>>>

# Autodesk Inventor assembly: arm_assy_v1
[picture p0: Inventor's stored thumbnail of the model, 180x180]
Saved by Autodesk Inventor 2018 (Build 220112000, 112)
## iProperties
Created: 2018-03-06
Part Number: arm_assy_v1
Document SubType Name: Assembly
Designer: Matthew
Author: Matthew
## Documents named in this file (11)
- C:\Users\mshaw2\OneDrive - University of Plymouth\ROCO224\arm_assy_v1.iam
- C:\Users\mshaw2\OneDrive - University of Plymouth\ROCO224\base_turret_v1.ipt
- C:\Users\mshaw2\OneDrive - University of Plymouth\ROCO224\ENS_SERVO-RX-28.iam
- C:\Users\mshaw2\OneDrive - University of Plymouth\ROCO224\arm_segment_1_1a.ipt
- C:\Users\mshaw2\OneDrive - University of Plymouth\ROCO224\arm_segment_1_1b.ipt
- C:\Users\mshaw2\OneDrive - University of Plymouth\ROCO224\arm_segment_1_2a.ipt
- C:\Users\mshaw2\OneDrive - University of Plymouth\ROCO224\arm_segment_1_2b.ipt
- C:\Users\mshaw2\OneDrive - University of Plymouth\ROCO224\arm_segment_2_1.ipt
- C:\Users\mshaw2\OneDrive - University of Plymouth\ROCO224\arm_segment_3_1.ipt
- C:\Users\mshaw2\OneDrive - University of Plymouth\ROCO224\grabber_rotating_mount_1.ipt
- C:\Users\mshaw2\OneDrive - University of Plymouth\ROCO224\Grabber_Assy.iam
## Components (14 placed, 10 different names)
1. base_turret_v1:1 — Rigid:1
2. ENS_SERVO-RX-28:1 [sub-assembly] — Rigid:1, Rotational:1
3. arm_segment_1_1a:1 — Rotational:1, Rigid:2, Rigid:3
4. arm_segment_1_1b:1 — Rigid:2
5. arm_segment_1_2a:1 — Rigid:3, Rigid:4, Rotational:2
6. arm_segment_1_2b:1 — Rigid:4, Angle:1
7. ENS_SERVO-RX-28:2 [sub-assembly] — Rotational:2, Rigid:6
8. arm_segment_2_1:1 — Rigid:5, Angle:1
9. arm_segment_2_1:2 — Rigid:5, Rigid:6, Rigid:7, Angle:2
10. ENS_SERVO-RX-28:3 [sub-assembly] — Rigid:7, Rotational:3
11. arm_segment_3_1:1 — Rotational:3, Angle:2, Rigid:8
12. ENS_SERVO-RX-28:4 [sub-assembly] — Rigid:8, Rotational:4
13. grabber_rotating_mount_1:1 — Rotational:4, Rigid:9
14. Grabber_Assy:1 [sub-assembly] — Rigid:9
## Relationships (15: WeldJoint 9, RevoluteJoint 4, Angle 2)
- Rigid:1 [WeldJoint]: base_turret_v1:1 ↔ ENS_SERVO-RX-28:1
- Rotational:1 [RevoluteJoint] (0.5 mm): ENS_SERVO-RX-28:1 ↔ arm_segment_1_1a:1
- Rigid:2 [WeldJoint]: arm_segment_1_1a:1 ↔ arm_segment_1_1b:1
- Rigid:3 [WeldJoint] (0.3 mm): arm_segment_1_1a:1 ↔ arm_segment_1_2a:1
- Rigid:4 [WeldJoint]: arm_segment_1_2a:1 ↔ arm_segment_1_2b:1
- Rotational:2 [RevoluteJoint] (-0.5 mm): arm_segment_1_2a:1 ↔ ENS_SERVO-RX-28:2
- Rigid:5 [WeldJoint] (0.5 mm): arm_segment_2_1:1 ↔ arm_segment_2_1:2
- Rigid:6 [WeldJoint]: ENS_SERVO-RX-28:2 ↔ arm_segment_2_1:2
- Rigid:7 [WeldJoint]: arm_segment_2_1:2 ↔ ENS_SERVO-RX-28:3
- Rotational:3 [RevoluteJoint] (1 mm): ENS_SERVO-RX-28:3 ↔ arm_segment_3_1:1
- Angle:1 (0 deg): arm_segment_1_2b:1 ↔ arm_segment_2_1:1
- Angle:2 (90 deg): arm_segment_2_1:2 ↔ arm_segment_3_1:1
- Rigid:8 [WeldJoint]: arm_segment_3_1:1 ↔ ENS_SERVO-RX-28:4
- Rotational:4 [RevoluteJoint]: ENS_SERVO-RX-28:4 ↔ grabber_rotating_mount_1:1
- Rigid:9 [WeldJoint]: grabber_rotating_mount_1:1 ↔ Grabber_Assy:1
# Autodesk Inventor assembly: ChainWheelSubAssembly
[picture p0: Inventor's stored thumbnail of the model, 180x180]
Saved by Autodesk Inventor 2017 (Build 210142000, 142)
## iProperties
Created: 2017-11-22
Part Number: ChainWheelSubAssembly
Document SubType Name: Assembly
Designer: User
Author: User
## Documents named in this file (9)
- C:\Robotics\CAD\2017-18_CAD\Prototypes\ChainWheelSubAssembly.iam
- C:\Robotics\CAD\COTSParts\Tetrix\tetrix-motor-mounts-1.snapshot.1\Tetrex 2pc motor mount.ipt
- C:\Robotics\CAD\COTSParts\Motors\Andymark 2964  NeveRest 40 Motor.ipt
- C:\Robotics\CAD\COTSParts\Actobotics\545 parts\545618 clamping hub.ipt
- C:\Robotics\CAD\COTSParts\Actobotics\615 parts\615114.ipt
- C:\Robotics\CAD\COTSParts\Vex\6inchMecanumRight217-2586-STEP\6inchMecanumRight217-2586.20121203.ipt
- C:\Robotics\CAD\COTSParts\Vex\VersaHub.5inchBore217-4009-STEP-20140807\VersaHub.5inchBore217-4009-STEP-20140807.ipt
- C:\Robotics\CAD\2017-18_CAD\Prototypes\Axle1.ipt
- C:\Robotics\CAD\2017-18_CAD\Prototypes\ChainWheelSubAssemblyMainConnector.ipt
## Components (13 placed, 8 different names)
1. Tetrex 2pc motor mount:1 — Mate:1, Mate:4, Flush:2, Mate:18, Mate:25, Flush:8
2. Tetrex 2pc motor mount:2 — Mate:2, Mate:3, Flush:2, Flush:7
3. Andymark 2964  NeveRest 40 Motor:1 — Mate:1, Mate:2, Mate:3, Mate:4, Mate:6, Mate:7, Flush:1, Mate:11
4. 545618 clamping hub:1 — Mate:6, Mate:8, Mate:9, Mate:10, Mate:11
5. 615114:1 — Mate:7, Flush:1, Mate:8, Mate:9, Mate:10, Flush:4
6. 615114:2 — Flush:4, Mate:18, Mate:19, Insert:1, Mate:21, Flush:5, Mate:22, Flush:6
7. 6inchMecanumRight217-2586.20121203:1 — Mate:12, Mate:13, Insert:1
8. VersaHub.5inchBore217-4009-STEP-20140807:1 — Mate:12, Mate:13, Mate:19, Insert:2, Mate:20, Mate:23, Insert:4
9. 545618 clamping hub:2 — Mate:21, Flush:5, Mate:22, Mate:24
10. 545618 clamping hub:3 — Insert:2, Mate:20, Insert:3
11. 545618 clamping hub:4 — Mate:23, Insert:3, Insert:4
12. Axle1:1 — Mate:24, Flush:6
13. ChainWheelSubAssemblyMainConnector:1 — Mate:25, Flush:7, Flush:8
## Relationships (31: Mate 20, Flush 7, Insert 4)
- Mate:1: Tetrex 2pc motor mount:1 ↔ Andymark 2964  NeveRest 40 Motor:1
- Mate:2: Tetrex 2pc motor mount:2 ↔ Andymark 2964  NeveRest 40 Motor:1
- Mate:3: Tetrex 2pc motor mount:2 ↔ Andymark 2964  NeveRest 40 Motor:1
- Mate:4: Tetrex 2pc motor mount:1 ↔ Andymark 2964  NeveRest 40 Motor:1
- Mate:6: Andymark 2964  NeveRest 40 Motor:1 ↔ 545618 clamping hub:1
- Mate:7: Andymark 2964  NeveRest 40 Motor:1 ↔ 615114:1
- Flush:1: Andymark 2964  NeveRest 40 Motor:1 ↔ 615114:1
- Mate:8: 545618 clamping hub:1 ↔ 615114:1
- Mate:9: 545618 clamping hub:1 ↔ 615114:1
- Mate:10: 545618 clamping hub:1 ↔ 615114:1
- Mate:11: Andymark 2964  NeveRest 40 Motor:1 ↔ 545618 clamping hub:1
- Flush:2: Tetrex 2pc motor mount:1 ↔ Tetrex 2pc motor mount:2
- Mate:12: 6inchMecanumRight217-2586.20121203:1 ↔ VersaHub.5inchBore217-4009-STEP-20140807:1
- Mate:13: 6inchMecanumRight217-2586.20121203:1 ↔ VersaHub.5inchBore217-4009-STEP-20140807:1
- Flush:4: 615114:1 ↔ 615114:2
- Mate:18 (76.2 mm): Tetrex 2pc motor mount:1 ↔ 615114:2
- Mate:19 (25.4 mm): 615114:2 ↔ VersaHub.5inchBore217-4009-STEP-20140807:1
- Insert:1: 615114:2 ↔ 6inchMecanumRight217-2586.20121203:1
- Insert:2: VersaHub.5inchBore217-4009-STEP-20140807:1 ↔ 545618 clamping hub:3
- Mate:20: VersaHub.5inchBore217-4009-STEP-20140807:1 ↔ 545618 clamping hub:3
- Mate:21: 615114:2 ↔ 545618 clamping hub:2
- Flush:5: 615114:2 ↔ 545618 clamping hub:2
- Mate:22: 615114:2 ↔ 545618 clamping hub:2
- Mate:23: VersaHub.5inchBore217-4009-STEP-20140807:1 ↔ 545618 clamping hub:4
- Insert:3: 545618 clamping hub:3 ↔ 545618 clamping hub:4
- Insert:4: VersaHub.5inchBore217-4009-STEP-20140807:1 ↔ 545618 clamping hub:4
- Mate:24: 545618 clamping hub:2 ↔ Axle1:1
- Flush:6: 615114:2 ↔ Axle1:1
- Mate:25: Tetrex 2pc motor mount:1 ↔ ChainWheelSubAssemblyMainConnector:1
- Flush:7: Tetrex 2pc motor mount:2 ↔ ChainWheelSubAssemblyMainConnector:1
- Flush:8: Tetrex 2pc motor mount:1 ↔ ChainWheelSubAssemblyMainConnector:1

<<<

▶ TASK ITEM:
Produce a word-for-word copy of everything above from the line holding "4. 545618 clamping" down to the line holding "10. 545618 clamping", with both of those lines kept.

▶ THE COMPLETED TASK:
4. 545618 clamping hub:1 — Mate:6, Mate:8, Mate:9, Mate:10, Mate:11
5. 615114:1 — Mate:7, Flush:1, Mate:8, Mate:9, Mate:10, Flush:4
6. 615114:2 — Flush:4, Mate:18, Mate:19, Insert:1, Mate:21, Flush:5, Mate:22, Flush:6
7. 6inchMecanumRight217-2586.20121203:1 — Mate:12, Mate:13, Insert:1
8. VersaHub.5inchBore217-4009-STEP-20140807:1 — Mate:12, Mate:13, Mate:19, Insert:2, Mate:20, Mate:23, Insert:4
9. 545618 clamping hub:2 — Mate:21, Flush:5, Mate:22, Mate:24
10. 545618 clamping hub:3 — Insert:2, Mate:20, Insert:3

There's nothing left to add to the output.